- By Editorial Board
The demise of CodeNext – made official by the Austin City Council last week — won’t stop a November ballot petition regarding CodeNext and land-use matters, which if passed by voters and sustained by a court, could dramatically change the way the city does zoning in future years.
The city might well end up with a system that gives residents significantly more power over land-use and zoning matters, but at the same time, undermines Austin’s 10-1 system of government. That is why voters need to carefully weigh the stakes of the CodeNext ballot petition.
With several unanswered questions, including whether the ballot measure conflicts with state law, it is premature to draw hard conclusions. But if the measure prevails at the polls and in the courts, Austin’s way of deciding zoning matters would change, say opponents and supporters of CodeNext.
For instance, it is not very likely that the city would repeat the costly, multiyear effort that many say doomed CodeNext — a massive zoning and land-use overhaul the city attempted all at once, spending more than $8 million over several years.
Instead, the city likely would do zoning in phases to prevent triggering long wait times and additional elections, as the CodeNext ordinance petition would require if voters passed it and courts cleared it. In other words, to stay outside the reach of the ordinance, the council would need to do zoning in small bites, rather than the mouthful it attempted through CodeNext.
The CodeNext ordinance petition on the ballot doesn’t give voters direct authority to approve or disapprove sweeping zoning changes, such as those in the now-defunct CodeNext.
Instead, the petition asks whether comprehensive zoning and land-use changes the council adopts must have voter approval to go into effect. If voters say, “yes” — which many are predicting, given the 31,000 voters who signed the petition supporting the measure — then future zoning and land-use overhauls could not take effect unless and until voters say so.
The ballot petition also asks voters whether a waiting period should be required before CodeNext — or something akin to it — and related nonzoning regulations go into effect. Keep in mind, those waiting periods could be up to three years.
Nonzoning provisions are key, as they include environmental protections, affordable housing initiatives, transportation and parking policies, and water quality and utility requirements, among other things.
Clearly, the petition shifts more power over zoning matters to residents. But that power, in practice, would not be spread equally across the city.
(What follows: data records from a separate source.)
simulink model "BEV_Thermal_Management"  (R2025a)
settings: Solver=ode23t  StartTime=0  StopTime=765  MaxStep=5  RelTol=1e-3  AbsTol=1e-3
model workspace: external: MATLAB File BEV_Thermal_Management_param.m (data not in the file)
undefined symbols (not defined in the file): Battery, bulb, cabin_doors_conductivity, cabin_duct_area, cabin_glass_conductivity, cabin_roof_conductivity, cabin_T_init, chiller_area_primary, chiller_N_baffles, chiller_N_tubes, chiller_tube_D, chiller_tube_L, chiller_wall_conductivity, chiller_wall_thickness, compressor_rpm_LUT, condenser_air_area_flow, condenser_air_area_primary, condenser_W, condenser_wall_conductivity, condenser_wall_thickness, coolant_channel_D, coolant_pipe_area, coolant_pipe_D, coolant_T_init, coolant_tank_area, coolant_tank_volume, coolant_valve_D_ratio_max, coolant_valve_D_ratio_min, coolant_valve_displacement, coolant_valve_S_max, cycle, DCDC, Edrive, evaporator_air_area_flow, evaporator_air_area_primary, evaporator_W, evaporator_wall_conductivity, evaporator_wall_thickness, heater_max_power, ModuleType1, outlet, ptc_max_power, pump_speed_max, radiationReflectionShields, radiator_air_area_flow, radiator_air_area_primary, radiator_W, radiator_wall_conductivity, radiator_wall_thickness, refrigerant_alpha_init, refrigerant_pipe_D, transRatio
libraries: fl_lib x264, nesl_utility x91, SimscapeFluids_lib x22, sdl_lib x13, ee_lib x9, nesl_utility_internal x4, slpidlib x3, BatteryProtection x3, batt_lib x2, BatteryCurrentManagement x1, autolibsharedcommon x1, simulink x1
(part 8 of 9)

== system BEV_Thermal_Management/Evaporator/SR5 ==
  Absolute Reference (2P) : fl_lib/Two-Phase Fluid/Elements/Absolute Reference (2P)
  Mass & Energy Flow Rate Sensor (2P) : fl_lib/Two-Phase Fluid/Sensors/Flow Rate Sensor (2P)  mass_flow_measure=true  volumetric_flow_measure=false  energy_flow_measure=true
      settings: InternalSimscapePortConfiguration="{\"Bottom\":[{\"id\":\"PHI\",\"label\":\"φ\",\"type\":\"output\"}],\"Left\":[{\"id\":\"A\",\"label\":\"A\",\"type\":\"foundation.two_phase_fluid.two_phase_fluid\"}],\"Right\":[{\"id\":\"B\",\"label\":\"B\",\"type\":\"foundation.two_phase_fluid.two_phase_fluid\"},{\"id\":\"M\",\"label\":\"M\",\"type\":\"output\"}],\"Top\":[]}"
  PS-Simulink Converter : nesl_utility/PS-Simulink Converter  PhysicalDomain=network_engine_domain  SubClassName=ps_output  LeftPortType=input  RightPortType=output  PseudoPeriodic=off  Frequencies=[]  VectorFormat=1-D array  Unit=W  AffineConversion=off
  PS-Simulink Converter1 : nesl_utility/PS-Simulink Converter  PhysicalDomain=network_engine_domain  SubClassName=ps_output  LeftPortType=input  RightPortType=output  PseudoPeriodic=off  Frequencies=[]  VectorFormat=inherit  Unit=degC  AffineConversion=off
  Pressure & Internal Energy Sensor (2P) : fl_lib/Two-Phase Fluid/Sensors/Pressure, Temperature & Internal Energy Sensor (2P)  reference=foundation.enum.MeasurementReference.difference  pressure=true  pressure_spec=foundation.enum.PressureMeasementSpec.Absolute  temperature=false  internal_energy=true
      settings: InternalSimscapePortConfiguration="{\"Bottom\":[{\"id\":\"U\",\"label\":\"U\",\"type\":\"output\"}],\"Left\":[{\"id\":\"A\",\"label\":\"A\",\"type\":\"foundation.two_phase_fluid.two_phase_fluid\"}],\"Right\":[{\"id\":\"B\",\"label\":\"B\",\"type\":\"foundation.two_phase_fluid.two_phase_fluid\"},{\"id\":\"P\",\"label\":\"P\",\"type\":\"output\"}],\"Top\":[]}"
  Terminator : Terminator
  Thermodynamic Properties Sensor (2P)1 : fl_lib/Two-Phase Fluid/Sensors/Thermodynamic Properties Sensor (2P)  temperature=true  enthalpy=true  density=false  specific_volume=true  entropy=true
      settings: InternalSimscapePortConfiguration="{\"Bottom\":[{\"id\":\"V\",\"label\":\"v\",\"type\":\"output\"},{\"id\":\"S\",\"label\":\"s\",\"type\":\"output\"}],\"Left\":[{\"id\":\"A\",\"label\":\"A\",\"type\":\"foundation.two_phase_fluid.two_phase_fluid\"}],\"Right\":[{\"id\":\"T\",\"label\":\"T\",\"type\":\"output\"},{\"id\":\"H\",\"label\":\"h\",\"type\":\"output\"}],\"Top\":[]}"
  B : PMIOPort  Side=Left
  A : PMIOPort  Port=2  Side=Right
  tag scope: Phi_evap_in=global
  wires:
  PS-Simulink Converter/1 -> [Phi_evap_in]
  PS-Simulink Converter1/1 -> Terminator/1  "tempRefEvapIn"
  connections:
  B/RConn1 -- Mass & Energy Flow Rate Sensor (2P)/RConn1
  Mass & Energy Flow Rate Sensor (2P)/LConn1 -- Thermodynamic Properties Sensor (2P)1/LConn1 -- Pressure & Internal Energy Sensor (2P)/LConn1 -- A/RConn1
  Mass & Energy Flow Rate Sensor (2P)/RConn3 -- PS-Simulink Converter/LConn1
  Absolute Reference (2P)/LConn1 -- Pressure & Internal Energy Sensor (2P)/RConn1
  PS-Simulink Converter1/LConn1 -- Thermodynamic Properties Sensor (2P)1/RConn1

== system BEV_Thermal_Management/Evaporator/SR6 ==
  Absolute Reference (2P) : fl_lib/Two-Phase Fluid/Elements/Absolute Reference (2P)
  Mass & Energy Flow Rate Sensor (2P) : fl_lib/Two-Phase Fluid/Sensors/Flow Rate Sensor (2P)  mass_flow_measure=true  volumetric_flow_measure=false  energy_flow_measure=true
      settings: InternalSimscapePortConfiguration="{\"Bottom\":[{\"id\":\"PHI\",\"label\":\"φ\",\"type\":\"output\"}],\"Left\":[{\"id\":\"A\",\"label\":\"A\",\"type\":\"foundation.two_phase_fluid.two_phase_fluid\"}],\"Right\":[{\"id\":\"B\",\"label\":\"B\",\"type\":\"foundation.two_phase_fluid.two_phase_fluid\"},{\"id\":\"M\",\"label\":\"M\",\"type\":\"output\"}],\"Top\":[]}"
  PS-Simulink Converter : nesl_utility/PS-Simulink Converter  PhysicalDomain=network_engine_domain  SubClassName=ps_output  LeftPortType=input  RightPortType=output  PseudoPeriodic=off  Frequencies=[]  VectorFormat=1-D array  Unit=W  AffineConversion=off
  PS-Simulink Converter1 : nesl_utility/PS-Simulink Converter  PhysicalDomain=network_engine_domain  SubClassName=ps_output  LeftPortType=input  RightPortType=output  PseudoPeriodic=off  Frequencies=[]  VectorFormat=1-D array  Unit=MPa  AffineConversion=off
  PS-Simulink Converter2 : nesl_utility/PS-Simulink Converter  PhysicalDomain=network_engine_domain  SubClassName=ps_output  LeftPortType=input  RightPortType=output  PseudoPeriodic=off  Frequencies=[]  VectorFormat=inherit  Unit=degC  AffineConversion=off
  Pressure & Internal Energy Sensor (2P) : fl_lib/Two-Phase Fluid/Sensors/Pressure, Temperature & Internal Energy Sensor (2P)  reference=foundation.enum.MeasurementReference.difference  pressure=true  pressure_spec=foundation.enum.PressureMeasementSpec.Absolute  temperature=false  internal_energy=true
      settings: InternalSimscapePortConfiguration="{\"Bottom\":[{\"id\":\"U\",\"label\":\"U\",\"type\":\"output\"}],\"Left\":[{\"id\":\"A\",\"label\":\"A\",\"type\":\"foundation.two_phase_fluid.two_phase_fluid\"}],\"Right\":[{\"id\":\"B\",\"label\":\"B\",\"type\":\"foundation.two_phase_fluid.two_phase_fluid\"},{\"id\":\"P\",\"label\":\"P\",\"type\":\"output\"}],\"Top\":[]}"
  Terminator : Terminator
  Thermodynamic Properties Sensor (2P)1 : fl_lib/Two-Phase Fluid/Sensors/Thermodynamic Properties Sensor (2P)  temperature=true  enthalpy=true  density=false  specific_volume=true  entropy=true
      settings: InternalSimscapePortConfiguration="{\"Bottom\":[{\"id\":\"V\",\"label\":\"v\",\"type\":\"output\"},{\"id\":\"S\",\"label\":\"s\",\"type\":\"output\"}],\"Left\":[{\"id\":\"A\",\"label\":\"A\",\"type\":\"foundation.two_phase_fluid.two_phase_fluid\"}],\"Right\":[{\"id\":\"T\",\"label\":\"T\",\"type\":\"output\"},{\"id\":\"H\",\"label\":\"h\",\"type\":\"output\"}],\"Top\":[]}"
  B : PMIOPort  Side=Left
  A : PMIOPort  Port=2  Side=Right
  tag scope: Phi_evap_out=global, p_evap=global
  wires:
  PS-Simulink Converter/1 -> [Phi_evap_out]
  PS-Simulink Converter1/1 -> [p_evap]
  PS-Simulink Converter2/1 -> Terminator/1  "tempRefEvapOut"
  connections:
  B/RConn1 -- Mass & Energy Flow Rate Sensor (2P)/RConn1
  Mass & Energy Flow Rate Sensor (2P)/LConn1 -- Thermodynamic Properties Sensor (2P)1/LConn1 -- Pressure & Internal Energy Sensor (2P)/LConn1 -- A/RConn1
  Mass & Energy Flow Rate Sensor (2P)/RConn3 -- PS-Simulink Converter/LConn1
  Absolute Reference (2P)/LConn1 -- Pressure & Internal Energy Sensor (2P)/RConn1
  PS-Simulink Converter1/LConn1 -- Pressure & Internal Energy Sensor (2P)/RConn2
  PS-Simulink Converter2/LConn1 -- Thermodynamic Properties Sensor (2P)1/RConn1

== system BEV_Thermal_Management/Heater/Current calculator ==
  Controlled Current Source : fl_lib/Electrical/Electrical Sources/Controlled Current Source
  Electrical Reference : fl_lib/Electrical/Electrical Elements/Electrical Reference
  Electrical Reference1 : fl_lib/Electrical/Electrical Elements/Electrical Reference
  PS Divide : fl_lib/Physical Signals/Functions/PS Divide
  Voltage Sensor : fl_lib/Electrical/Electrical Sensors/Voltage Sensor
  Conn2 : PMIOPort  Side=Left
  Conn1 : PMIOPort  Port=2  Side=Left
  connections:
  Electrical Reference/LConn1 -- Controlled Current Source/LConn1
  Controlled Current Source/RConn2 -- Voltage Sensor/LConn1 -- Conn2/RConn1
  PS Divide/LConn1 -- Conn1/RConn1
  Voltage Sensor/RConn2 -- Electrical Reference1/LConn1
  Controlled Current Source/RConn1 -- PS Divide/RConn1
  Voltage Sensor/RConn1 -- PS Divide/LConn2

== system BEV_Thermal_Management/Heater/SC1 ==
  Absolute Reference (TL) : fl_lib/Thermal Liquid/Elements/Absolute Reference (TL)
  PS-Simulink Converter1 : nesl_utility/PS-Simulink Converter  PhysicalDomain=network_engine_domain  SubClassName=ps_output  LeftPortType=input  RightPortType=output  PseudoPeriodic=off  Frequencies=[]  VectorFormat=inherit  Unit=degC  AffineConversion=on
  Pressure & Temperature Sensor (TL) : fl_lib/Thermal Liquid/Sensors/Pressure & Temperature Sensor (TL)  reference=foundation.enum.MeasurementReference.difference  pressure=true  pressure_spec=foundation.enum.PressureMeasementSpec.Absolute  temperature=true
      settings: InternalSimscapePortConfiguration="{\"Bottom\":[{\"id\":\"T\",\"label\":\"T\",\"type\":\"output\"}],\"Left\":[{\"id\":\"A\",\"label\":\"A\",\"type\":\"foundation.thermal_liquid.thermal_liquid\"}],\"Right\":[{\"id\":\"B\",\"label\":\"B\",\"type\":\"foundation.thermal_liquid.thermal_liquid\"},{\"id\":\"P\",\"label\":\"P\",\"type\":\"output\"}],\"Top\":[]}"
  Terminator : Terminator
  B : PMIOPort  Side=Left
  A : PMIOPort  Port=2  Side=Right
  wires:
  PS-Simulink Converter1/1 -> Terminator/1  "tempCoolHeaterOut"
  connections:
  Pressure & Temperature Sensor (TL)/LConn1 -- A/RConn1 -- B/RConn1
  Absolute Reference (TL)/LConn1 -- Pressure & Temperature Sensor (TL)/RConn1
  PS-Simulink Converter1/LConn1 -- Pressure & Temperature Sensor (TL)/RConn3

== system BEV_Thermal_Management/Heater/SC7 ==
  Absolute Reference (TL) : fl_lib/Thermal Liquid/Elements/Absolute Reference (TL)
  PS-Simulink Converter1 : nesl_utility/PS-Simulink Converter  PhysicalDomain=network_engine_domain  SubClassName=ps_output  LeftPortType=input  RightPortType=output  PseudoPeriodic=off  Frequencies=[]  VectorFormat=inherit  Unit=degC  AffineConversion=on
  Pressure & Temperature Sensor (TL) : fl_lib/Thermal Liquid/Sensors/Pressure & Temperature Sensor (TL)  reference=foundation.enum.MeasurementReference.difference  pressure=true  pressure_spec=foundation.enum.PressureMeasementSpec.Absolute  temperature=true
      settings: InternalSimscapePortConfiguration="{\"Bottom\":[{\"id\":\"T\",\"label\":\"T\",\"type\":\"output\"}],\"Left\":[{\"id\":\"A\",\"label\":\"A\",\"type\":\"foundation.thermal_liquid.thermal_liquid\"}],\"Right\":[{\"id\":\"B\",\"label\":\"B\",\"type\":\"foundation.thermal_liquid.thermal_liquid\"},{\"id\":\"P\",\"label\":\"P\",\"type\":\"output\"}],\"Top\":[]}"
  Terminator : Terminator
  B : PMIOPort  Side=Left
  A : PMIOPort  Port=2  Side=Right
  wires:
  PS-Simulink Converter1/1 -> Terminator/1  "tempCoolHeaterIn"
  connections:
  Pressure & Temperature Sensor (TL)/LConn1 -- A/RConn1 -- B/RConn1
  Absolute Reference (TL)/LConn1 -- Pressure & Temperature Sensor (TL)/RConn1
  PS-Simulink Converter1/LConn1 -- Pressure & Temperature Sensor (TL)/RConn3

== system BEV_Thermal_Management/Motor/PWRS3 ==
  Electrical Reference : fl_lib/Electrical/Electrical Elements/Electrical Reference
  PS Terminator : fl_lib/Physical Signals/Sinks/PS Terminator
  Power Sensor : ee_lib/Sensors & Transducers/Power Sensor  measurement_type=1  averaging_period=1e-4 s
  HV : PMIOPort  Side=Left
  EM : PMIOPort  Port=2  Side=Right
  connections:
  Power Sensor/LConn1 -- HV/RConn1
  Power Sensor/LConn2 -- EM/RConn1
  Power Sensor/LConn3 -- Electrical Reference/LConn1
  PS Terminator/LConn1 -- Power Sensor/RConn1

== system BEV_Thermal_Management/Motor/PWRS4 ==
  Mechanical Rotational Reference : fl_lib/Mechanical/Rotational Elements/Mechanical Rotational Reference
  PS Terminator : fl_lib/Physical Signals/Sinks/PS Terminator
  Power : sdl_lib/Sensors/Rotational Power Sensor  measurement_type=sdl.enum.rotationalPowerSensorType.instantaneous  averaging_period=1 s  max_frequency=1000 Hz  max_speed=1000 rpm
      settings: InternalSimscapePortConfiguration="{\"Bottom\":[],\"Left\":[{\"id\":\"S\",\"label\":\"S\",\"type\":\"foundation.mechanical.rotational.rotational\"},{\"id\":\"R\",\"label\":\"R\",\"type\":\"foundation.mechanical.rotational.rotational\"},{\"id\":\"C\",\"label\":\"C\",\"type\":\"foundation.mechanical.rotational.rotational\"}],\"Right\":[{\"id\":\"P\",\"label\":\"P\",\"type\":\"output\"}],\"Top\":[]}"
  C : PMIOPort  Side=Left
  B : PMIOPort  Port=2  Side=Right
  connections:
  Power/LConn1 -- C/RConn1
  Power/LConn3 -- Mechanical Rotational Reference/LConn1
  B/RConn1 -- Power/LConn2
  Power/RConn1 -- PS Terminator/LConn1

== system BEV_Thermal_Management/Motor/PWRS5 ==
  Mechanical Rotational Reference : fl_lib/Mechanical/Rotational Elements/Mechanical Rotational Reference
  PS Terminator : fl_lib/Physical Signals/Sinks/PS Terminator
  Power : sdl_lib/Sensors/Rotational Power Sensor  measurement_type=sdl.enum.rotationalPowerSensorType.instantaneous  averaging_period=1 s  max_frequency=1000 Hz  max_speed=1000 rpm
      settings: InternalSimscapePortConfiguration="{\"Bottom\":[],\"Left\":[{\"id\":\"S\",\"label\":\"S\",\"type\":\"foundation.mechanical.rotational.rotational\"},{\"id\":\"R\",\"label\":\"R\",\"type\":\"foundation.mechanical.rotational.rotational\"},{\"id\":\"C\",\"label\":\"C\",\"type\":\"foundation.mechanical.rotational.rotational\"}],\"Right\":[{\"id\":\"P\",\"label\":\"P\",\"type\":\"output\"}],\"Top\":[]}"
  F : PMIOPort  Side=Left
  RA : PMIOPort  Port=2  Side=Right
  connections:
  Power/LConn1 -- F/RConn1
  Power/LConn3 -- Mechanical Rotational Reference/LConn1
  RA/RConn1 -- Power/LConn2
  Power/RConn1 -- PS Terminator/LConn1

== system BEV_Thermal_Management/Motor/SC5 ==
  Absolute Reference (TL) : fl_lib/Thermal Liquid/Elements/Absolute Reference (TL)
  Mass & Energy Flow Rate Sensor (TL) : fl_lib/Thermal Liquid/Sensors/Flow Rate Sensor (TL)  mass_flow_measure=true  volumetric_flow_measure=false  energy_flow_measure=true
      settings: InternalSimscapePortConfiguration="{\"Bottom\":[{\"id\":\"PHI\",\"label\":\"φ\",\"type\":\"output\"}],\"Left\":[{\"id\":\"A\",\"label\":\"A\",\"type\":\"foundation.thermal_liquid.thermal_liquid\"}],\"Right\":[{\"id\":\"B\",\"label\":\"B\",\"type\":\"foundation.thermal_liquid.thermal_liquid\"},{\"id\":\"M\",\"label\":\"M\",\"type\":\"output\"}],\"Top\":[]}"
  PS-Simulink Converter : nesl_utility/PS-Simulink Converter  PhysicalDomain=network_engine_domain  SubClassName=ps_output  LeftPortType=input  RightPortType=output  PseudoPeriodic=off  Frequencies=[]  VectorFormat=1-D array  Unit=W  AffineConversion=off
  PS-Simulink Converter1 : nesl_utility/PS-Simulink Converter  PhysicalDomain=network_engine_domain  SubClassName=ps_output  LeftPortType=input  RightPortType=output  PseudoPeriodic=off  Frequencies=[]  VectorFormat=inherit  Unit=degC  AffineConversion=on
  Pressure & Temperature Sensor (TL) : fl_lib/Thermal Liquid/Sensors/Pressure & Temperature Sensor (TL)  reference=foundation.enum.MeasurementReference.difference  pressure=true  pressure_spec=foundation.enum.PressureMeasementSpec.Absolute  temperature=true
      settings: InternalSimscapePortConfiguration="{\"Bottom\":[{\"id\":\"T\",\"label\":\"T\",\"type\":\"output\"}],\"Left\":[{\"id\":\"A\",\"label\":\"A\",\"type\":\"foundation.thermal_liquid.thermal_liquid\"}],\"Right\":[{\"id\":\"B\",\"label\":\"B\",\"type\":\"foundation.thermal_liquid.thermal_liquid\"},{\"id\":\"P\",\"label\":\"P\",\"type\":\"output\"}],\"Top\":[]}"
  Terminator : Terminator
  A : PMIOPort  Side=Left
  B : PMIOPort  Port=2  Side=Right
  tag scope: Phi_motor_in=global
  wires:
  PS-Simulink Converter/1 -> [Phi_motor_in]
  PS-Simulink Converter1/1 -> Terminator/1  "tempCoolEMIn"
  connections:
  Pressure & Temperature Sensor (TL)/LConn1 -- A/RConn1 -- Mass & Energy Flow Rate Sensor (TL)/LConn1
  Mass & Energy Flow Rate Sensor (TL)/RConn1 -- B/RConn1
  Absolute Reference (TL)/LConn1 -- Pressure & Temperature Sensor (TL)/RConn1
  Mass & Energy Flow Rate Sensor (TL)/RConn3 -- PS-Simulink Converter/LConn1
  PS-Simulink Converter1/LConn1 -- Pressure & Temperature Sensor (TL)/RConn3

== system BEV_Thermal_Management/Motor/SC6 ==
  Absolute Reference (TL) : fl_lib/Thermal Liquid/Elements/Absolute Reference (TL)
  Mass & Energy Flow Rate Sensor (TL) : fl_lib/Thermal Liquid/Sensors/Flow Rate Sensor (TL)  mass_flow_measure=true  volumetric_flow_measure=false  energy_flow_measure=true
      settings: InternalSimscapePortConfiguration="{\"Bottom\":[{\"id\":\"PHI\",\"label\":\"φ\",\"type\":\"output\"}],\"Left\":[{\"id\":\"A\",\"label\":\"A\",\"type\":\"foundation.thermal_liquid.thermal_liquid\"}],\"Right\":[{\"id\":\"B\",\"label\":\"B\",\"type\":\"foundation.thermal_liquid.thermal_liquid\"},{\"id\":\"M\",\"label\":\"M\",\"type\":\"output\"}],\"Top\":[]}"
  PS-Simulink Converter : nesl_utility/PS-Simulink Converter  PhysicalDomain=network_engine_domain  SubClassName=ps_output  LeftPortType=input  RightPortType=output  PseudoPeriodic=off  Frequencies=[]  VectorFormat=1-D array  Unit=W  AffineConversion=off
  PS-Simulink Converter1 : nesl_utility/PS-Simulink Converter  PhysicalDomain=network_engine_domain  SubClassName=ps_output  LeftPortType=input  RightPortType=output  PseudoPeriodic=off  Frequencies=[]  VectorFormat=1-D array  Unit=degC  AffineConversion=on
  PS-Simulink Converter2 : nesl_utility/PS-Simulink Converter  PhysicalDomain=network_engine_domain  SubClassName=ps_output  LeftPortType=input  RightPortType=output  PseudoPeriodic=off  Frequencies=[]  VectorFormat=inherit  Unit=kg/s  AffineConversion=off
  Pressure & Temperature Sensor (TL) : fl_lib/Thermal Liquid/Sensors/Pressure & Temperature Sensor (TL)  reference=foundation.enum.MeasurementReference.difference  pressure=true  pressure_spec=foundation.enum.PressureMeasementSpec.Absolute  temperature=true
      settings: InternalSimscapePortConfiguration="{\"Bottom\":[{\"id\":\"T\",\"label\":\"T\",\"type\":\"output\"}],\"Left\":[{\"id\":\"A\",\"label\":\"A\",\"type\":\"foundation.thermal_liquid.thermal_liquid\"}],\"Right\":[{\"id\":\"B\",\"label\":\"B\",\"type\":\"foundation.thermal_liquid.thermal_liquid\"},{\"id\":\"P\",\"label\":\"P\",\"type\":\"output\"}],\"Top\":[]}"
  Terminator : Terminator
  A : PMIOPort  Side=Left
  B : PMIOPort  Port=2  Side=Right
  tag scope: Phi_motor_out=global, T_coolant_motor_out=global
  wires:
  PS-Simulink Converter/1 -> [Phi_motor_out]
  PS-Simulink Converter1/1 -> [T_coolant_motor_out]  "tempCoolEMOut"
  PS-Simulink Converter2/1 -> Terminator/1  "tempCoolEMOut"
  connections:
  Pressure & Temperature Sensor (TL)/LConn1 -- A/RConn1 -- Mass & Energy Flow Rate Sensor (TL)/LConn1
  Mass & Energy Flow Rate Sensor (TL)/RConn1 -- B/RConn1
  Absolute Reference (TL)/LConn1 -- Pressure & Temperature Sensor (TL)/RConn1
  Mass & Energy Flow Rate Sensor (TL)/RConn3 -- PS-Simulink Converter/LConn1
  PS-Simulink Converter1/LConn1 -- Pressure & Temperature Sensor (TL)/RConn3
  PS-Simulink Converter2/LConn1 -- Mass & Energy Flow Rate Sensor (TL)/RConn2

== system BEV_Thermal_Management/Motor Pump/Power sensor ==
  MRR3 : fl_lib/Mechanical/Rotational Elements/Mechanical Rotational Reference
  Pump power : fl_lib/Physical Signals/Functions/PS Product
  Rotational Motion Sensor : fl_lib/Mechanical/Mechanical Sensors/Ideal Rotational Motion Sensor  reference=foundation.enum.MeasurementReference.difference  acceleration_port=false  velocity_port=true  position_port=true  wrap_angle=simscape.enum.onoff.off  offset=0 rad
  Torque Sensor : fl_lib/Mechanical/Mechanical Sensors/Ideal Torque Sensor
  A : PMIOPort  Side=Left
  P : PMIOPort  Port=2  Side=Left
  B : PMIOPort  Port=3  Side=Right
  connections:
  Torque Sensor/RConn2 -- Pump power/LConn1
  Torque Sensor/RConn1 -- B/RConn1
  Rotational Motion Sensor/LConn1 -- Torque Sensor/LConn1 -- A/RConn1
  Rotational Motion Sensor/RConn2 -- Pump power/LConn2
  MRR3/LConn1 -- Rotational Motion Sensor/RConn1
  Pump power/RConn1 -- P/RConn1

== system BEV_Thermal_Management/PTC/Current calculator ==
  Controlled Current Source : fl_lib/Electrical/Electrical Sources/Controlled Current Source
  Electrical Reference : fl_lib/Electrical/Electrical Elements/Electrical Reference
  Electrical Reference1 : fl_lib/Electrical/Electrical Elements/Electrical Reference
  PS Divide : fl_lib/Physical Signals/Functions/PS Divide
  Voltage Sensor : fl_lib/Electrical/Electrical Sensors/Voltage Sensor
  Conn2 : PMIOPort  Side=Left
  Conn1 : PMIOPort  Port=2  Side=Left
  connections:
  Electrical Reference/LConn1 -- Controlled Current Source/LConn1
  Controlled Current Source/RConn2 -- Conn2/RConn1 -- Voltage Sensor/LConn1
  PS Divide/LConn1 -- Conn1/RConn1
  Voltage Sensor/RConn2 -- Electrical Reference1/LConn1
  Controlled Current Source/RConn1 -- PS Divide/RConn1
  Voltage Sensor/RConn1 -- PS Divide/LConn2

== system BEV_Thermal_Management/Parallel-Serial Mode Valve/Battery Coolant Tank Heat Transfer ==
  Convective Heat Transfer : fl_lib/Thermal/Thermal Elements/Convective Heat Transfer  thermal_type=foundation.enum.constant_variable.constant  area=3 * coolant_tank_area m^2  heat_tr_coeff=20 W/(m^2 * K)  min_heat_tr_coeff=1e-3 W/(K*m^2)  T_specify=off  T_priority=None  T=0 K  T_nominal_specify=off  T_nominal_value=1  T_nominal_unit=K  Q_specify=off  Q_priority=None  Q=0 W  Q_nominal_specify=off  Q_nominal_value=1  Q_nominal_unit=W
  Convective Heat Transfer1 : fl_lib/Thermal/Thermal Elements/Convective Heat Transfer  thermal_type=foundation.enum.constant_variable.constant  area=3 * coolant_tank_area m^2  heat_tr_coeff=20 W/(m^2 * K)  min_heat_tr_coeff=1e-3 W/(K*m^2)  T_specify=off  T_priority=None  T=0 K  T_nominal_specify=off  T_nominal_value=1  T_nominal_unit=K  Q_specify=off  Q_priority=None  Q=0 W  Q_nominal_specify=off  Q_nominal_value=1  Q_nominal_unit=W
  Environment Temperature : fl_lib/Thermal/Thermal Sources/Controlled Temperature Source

West-central Austin neighborhoods, with higher voter turnout than other areas of the city, would gain greater influence in such matters.
That runs counter to the reasons Austin voters overwhelmingly established a 10-1 governing system in which all council members, except the mayor, are elected from districts. Austin residents aimed to balance the outsized influence of west-central Austin and establish a council that reflected Austin’s geographic, ethnic and racial diversity. The mayor still is elected citywide.
The change was needed. Under the previous system in which all seven council members were elected citywide, elections largely were controlled by west-central Austin because of its voting strength. Therefore, council members were beholden to that voting bloc for their political survival.
We previously noted that the 10-1 system is the fairest way to decide big issues, such as zoning. That still is our view, given the challenges facing Austin, such as the city’s rapid growth, mobility challenges and lack of affordable housing.
Drew Scheberle, a senior vice president for the Greater Austin Chamber of Commerce, reminds us that “Austin has grown significantly since 1900, doubling in population every 20-25 years.”
“We need a land-use code and nonzoning regulations that allow all of us to plan for the residential and commercial space we know we will need,” he says, cautioning that the waiting periods in the petition ordinance could slow things considerably.
Austin Mayor Steve Adler is concerned about how waiting periods could stymie work on improvements to city infrastructure. He pointed out that since wait periods start after council elections in even-numbered years, elections for approving zoning would happen in odd-numbered years. With no presidential or gubernatorial races on the ballot, voter turnout would be significantly lower in those years.
Point taken. But if voters clip the council’s wings in zoning matters, council members can blame only themselves.
They threw caution to the wind, moving too fast on too many fronts with a CodeNext rewrite that was more than 1,500 pages in its third draft. Amid public confusion and mistrust, the council plowed on.
The council’s maneuver to keep the measure off the ballot failed after a state district judge last month ordered that it be put on the November ballot. In doing so, however, the judge said it was premature to decide the measure’s legality. That question still looms.
For now, Adler and other council members have directed City Manager Spencer Cronk to take the lead in developing a new process that ultimately yields a land-development code — a tall order.
With momentum on the side of the ballot ordinance, the public likely will gain a greater check on the city manager and council in zoning matters. That is a sword that cuts two ways: The city could go in a new direction in which zoning changes are done in phases, and rely on compromise between neighborhood groups and developers; or be tripped up by wait times and other measures that undermine the 10-1 system’s promise of equity.